Introduction: LED Steampunk Lamp Using Old Light Bulbs

In this instructable I am going to show you how to make an LED Steampunk lamp using old light bulbs.

I wanted to make a Steampunk lamp out of old light bulbs for a long time but I was always busy with other projects. Recently I finally got to it by making an instructable on how to open a light bulb without breaking it which is in some way part one of this instructable.

Let's start making!

Step 1: Tools Required

  • Pipe cutter
  • Wire stripper
  • Hot glue gun
  • 9/32 metal drill bit
  • Drill
  • Punch
  • Hammer
  • Soldering iron and solder

Step 2: Materials

Non electronic parts:

  • 10.5x17.5mm Can (tomato juice can)
  • 10.0x11.8mm Can (diced tomatoes can)
  • 1/2''x10'' Copper pipe
  • 2-3 Hot glue stick
  • 3 Old incandescent light bulbs
  • Copper paint marker

Electronic parts:

  • 5V power adapter
  • Three 5mm warm white straw hat LED's
  • Three 220Ohm resistors
  • One 1000uF or more electrolytic capacitor (optional)
  • One toggle switch (I only had a rocker switch)
  • Some electrical wires

Step 3: Cut the Copper Pipe Into Pieces and Sandpaper Them

For the copper pipe, you'll need:

  • One piece of 1 1/2'' for the front light bulb
  • One piece of 4'' for the two rear bulbs
  • And four 1'' pieces for the lamp's feet

I sand papered the copper pipes pieces but you can leave them the way they are if you want.

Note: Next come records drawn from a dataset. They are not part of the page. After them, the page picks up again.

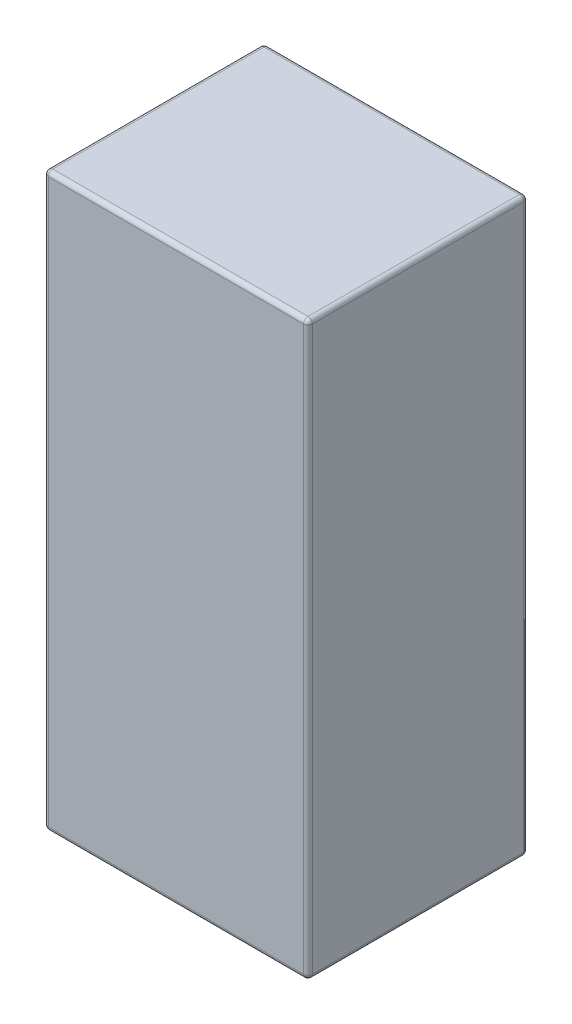
ISO-10303-21;
HEADER;
FILE_DESCRIPTION(('STEP AP214'),'2;1');
FILE_NAME('part.step','',(''),(''),'','','');
FILE_SCHEMA(('AUTOMOTIVE_DESIGN { 1 0 10303 214 1 1 1 1 }'));
ENDSEC;
DATA;
#1=APPLICATION_CONTEXT('core data for automotive mechanical design processes');
#2=APPLICATION_PROTOCOL_DEFINITION('international standard','automotive_design',2000,#1);
#3=PRODUCT_CONTEXT('',#1,'mechanical');
#4=PRODUCT('Part','Part','',(#3));
#5=PRODUCT_RELATED_PRODUCT_CATEGORY('part','',(#4));
#6=PRODUCT_DEFINITION_FORMATION('','',#4);
#7=PRODUCT_DEFINITION_CONTEXT('part definition',#1,'design');
#8=PRODUCT_DEFINITION('design','',#6,#7);
#9=PRODUCT_DEFINITION_SHAPE('','',#8);
#10=(LENGTH_UNIT() NAMED_UNIT(*) SI_UNIT(.MILLI.,.METRE.));
#11=(NAMED_UNIT(*) PLANE_ANGLE_UNIT() SI_UNIT($,.RADIAN.));
#12=(NAMED_UNIT(*) SI_UNIT($,.STERADIAN.) SOLID_ANGLE_UNIT());
#13=UNCERTAINTY_MEASURE_WITH_UNIT(LENGTH_MEASURE(1.E-05),#10,'distance_accuracy_value','');
#14=(GEOMETRIC_REPRESENTATION_CONTEXT(3) GLOBAL_UNCERTAINTY_ASSIGNED_CONTEXT((#13)) GLOBAL_UNIT_ASSIGNED_CONTEXT((#10,
#11,#12)) REPRESENTATION_CONTEXT('',''));
#15=CARTESIAN_POINT('',(0.,0.,0.));
#16=DIRECTION('',(0.,0.,1.));
#17=DIRECTION('',(1.,0.,0.));
#18=AXIS2_PLACEMENT_3D('',#15,#16,#17);
#19=CARTESIAN_POINT('',(3.,6.5,5.));
#20=DIRECTION('',(0.,-1.,0.));
#21=DIRECTION('',(0.,0.,-1.));
#22=AXIS2_PLACEMENT_3D('',#19,#20,#21);
#23=PLANE('',#22);
#24=DIRECTION('',(0.,0.,-1.));
#25=VECTOR('',#24,1.);
#26=CARTESIAN_POINT('',(-2.9,6.5,5.));
#27=LINE('',#26,#25);
#28=CARTESIAN_POINT('',(-2.9,6.5,0.1));
#29=VERTEX_POINT('',#28);
#30=CARTESIAN_POINT('',(-2.9,6.5,4.9));
#31=VERTEX_POINT('',#30);
#32=EDGE_CURVE('E138',#29,#31,#27,.F.);
#33=ORIENTED_EDGE('',*,*,#32,.T.);
#34=DIRECTION('',(-1.,0.,0.));
#35=VECTOR('',#34,1.);
#36=CARTESIAN_POINT('',(3.,6.5,4.9));
#37=LINE('',#36,#35);
#38=CARTESIAN_POINT('',(2.9,6.5,4.9));
#39=VERTEX_POINT('',#38);
#40=EDGE_CURVE('E175',#31,#39,#37,.F.);
#41=ORIENTED_EDGE('',*,*,#40,.T.);
#42=DIRECTION('',(0.,0.,-1.));
#43=VECTOR('',#42,1.);
#44=CARTESIAN_POINT('',(2.9,6.5,5.));
#45=LINE('',#44,#43);
#46=CARTESIAN_POINT('',(2.9,6.5,0.1));
#47=VERTEX_POINT('',#46);
#48=EDGE_CURVE('E172',#39,#47,#45,.T.);
#49=ORIENTED_EDGE('',*,*,#48,.T.);
#50=DIRECTION('',(-1.,0.,0.));
#51=VECTOR('',#50,1.);
#52=CARTESIAN_POINT('',(-3.,6.5,0.1));
#53=LINE('',#52,#51);
#54=EDGE_CURVE('E167',#47,#29,#53,.T.);
#55=ORIENTED_EDGE('',*,*,#54,.T.);
#56=EDGE_LOOP('',(#33,#41,#49,#55));
#57=FACE_BOUND('',#56,.T.);
#58=ADVANCED_FACE('F43',(#57),#23,.F.);
#59=CARTESIAN_POINT('',(-3.,-6.5,5.));
#60=DIRECTION('',(1.,0.,0.));
#61=DIRECTION('',(0.,0.,-1.));
#62=AXIS2_PLACEMENT_3D('',#59,#60,#61);
#63=PLANE('',#62);
#64=DIRECTION('',(0.,0.,-1.));
#65=VECTOR('',#64,1.);
#66=CARTESIAN_POINT('',(-3.,-6.4,5.));
#67=LINE('',#66,#65);
#68=CARTESIAN_POINT('',(-3.,-6.4,0.1));
#69=VERTEX_POINT('',#68);
#70=CARTESIAN_POINT('',(-3.,-6.4,4.9));
#71=VERTEX_POINT('',#70);
#72=EDGE_CURVE('E160',#69,#71,#67,.F.);
#73=ORIENTED_EDGE('',*,*,#72,.T.);
#74=DIRECTION('',(0.,-1.,0.));
#75=VECTOR('',#74,1.);
#76=CARTESIAN_POINT('',(-3.,-6.5,4.9));
#77=LINE('',#76,#75);
#78=CARTESIAN_POINT('',(-3.,6.4,4.9));
#79=VERTEX_POINT('',#78);
#80=EDGE_CURVE('E164',#71,#79,#77,.F.);
#81=ORIENTED_EDGE('',*,*,#80,.T.);
#82=DIRECTION('',(0.,0.,-1.));
#83=VECTOR('',#82,1.);
#84=CARTESIAN_POINT('',(-3.,6.4,5.));
#85=LINE('',#84,#83);
#86=CARTESIAN_POINT('',(-3.,6.4,0.1));
#87=VERTEX_POINT('',#86);
#88=EDGE_CURVE('E136',#79,#87,#85,.T.);
#89=ORIENTED_EDGE('',*,*,#88,.T.);
#90=DIRECTION('',(0.,-1.,0.));
#91=VECTOR('',#90,1.);
#92=CARTESIAN_POINT('',(-3.,-6.5,0.1));
#93=LINE('',#92,#91);
#94=EDGE_CURVE('E154',#87,#69,#93,.T.);
#95=ORIENTED_EDGE('',*,*,#94,.T.);
#96=EDGE_LOOP('',(#73,#81,#89,#95));
#97=FACE_BOUND('',#96,.T.);
#98=ADVANCED_FACE('F162',(#97),#63,.F.);
#99=CARTESIAN_POINT('',(3.,-6.5,5.));
#100=DIRECTION('',(0.,1.,0.));
#101=DIRECTION('',(0.,0.,1.));
#102=AXIS2_PLACEMENT_3D('',#99,#100,#101);
#103=PLANE('',#102);
#104=DIRECTION('',(0.,0.,-1.));
#105=VECTOR('',#104,1.);
#106=CARTESIAN_POINT('',(2.9,-6.5,5.));
#107=LINE('',#106,#105);
#108=CARTESIAN_POINT('',(2.9,-6.5,0.1));
#109=VERTEX_POINT('',#108);
#110=CARTESIAN_POINT('',(2.9,-6.5,4.9));
#111=VERTEX_POINT('',#110);
#112=EDGE_CURVE('E179',#109,#111,#107,.F.);
#113=ORIENTED_EDGE('',*,*,#112,.T.);
#114=DIRECTION('',(1.,0.,0.));
#115=VECTOR('',#114,1.);
#116=CARTESIAN_POINT('',(3.,-6.5,4.9));
#117=LINE('',#116,#115);
#118=CARTESIAN_POINT('',(-2.9,-6.5,4.9));
#119=VERTEX_POINT('',#118);
#120=EDGE_CURVE('E184',#111,#119,#117,.F.);
#121=ORIENTED_EDGE('',*,*,#120,.T.);
#122=DIRECTION('',(0.,0.,-1.));
#123=VECTOR('',#122,1.);
#124=CARTESIAN_POINT('',(-2.9,-6.5,5.));
#125=LINE('',#124,#123);
#126=CARTESIAN_POINT('',(-2.9,-6.5,0.1));
#127=VERTEX_POINT('',#126);
#128=EDGE_CURVE('E181',#119,#127,#125,.T.);
#129=ORIENTED_EDGE('',*,*,#128,.T.);
#130=DIRECTION('',(1.,0.,0.));
#131=VECTOR('',#130,1.);
#132=CARTESIAN_POINT('',(3.,-6.5,0.1));
#133=LINE('',#132,#131);
#134=EDGE_CURVE('E177',#127,#109,#133,.T.);
#135=ORIENTED_EDGE('',*,*,#134,.T.);
#136=EDGE_LOOP('',(#113,#121,#129,#135));
#137=FACE_BOUND('',#136,.T.);
#138=ADVANCED_FACE('F289',(#137),#103,.F.);
#139=CARTESIAN_POINT('',(3.,-6.5,5.));
#140=DIRECTION('',(-1.,0.,0.));
#141=DIRECTION('',(0.,0.,1.));
#142=AXIS2_PLACEMENT_3D('',#139,#140,#141);
#143=PLANE('',#142);
#144=DIRECTION('',(0.,0.,-1.));
#145=VECTOR('',#144,1.);
#146=CARTESIAN_POINT('',(3.,6.4,5.));
#147=LINE('',#146,#145);
#148=CARTESIAN_POINT('',(3.,6.4,0.1));
#149=VERTEX_POINT('',#148);
#150=CARTESIAN_POINT('',(3.,6.4,4.9));
#151=VERTEX_POINT('',#150);
#152=EDGE_CURVE('E188',#149,#151,#147,.F.);
#153=ORIENTED_EDGE('',*,*,#152,.T.);
#154=DIRECTION('',(0.,1.,0.));
#155=VECTOR('',#154,1.);
#156=CARTESIAN_POINT('',(3.,-6.5,4.9));
#157=LINE('',#156,#155);
#158=CARTESIAN_POINT('',(3.,-6.4,4.9));
#159=VERTEX_POINT('',#158);
#160=EDGE_CURVE('E193',#151,#159,#157,.F.);
#161=ORIENTED_EDGE('',*,*,#160,.T.);
#162=DIRECTION('',(0.,0.,-1.));
#163=VECTOR('',#162,1.);
#164=CARTESIAN_POINT('',(3.,-6.4,5.));
#165=LINE('',#164,#163);
#166=CARTESIAN_POINT('',(3.,-6.4,0.1));
#167=VERTEX_POINT('',#166);
#168=EDGE_CURVE('E190',#159,#167,#165,.T.);
#169=ORIENTED_EDGE('',*,*,#168,.T.);
#170=DIRECTION('',(0.,1.,0.));
#171=VECTOR('',#170,1.);
#172=CARTESIAN_POINT('',(3.,6.5,0.1));
#173=LINE('',#172,#171);
#174=EDGE_CURVE('E186',#167,#149,#173,.T.);
#175=ORIENTED_EDGE('',*,*,#174,.T.);
#176=EDGE_LOOP('',(#153,#161,#169,#175));
#177=FACE_BOUND('',#176,.T.);
#178=ADVANCED_FACE('F299',(#177),#143,.F.);
#179=CARTESIAN_POINT('',(0.,0.,5.));
#180=DIRECTION('',(0.,0.,-1.));
#181=DIRECTION('',(-1.,0.,0.));
#182=AXIS2_PLACEMENT_3D('',#179,#180,#181);
#183=PLANE('',#182);
#184=DIRECTION('',(1.,0.,0.));
#185=VECTOR('',#184,1.);
#186=CARTESIAN_POINT('',(0.,-6.4,5.));
#187=LINE('',#186,#185);
#188=CARTESIAN_POINT('',(-2.9,-6.4,5.));
#189=VERTEX_POINT('',#188);
#190=CARTESIAN_POINT('',(2.9,-6.4,5.));
#191=VERTEX_POINT('',#190);
#192=EDGE_CURVE('E199',#189,#191,#187,.T.);
#193=ORIENTED_EDGE('',*,*,#192,.T.);
#194=DIRECTION('',(0.,1.,0.));
#195=VECTOR('',#194,1.);
#196=CARTESIAN_POINT('',(2.9,0.,5.));
#197=LINE('',#196,#195);
#198=CARTESIAN_POINT('',(2.9,6.4,5.));
#199=VERTEX_POINT('',#198);
#200=EDGE_CURVE('E201',#191,#199,#197,.T.);
#201=ORIENTED_EDGE('',*,*,#200,.T.);
#202=DIRECTION('',(-1.,0.,0.));
#203=VECTOR('',#202,1.);
#204=CARTESIAN_POINT('',(0.,6.4,5.));
#205=LINE('',#204,#203);
#206=CARTESIAN_POINT('',(-2.9,6.4,5.));
#207=VERTEX_POINT('',#206);
#208=EDGE_CURVE('E195',#199,#207,#205,.T.);
#209=ORIENTED_EDGE('',*,*,#208,.T.);
#210=DIRECTION('',(0.,-1.,0.));
#211=VECTOR('',#210,1.);
#212=CARTESIAN_POINT('',(-2.9,0.,5.));
#213=LINE('',#212,#211);
#214=EDGE_CURVE('E197',#207,#189,#213,.T.);
#215=ORIENTED_EDGE('',*,*,#214,.T.);
#216=EDGE_LOOP('',(#193,#201,#209,#215));
#217=FACE_BOUND('',#216,.T.);
#218=ADVANCED_FACE('F281',(#217),#183,.F.);
#219=CARTESIAN_POINT('',(0.,0.,0.));
#220=DIRECTION('',(0.,0.,-1.));
#221=DIRECTION('',(-1.,0.,0.));
#222=AXIS2_PLACEMENT_3D('',#219,#220,#221);
#223=PLANE('',#222);
#224=DIRECTION('',(-1.,0.,0.));
#225=VECTOR('',#224,1.);
#226=CARTESIAN_POINT('',(3.,6.4,0.));
#227=LINE('',#226,#225);
#228=CARTESIAN_POINT('',(-2.9,6.4,0.));
#229=VERTEX_POINT('',#228);
#230=CARTESIAN_POINT('',(2.9,6.4,0.));
#231=VERTEX_POINT('',#230);
#232=EDGE_CURVE('E204',#229,#231,#227,.F.);
#233=ORIENTED_EDGE('',*,*,#232,.T.);
#234=DIRECTION('',(0.,1.,0.));
#235=VECTOR('',#234,1.);
#236=CARTESIAN_POINT('',(2.9,-6.5,0.));
#237=LINE('',#236,#235);
#238=CARTESIAN_POINT('',(2.9,-6.4,0.));
#239=VERTEX_POINT('',#238);
#240=EDGE_CURVE('E11',#231,#239,#237,.F.);
#241=ORIENTED_EDGE('',*,*,#240,.T.);
#242=DIRECTION('',(1.,0.,0.));
#243=VECTOR('',#242,1.);
#244=CARTESIAN_POINT('',(-3.,-6.4,0.));
#245=LINE('',#244,#243);
#246=CARTESIAN_POINT('',(-2.9,-6.4,0.));
#247=VERTEX_POINT('',#246);
#248=EDGE_CURVE('E52',#239,#247,#245,.F.);
#249=ORIENTED_EDGE('',*,*,#248,.T.);
#250=DIRECTION('',(0.,-1.,0.));
#251=VECTOR('',#250,1.);
#252=CARTESIAN_POINT('',(-2.9,6.5,0.));
#253=LINE('',#252,#251);
#254=EDGE_CURVE('E206',#247,#229,#253,.F.);
#255=ORIENTED_EDGE('',*,*,#254,.T.);
#256=EDGE_LOOP('',(#233,#241,#249,#255));
#257=FACE_BOUND('',#256,.T.);
#258=ADVANCED_FACE('F487',(#257),#223,.T.);
#259=CARTESIAN_POINT('',(2.9,-6.4,5.));
#260=DIRECTION('',(0.,0.,-1.));
#261=DIRECTION('',(-1.,0.,0.));
#262=AXIS2_PLACEMENT_3D('',#259,#260,#261);
#263=CYLINDRICAL_SURFACE('',#262,0.1);
#264=CARTESIAN_POINT('',(2.9,-6.4,4.9));
#265=DIRECTION('',(0.,0.,1.));
#266=DIRECTION('',(1.,0.,0.));
#267=AXIS2_PLACEMENT_3D('',#264,#265,#266);
#268=CIRCLE('',#267,0.1);
#269=EDGE_CURVE('E47',#111,#159,#268,.T.);
#270=ORIENTED_EDGE('',*,*,#269,.F.);
#271=ORIENTED_EDGE('',*,*,#112,.F.);
#272=CARTESIAN_POINT('',(2.9,-6.4,0.1));
#273=DIRECTION('',(0.,0.,-1.));
#274=DIRECTION('',(-1.,0.,0.));
#275=AXIS2_PLACEMENT_3D('',#272,#273,#274);
#276=CIRCLE('',#275,0.1);
#277=EDGE_CURVE('E259',#167,#109,#276,.T.);
#278=ORIENTED_EDGE('',*,*,#277,.F.);
#279=ORIENTED_EDGE('',*,*,#168,.F.);
#280=EDGE_LOOP('',(#270,#271,#278,#279));
#281=FACE_BOUND('',#280,.T.);
#282=ADVANCED_FACE('F45',(#281),#263,.T.);
#283=CARTESIAN_POINT('',(2.9,-6.4,4.9));
#284=DIRECTION('',(1.,0.,0.));
#285=DIRECTION('',(0.,0.,-1.));
#286=AXIS2_PLACEMENT_3D('',#283,#284,#285);
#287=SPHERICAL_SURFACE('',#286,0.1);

Step 4: Drill Two Holes for the Wires and Another One for the Switch in the Tall Can

Drill two holes about 2 inches from the side using a punch before to help you drill stay where you want.

Since I didn't had a toggle switch I used a flat screw driver and a hammer to make a square opening for my rocker switch.

If you have a toggle switch, just drill a hole the size of it.

Step 5: Wire the LED's With Resistors in Series

First up, cut the leads of the LED's leaving about 1/4'' and do the same on both side of the resistors.

Now, solder the resistors to the positive leads of the LED's and wire them up making sure you leave at least one foot long of wire.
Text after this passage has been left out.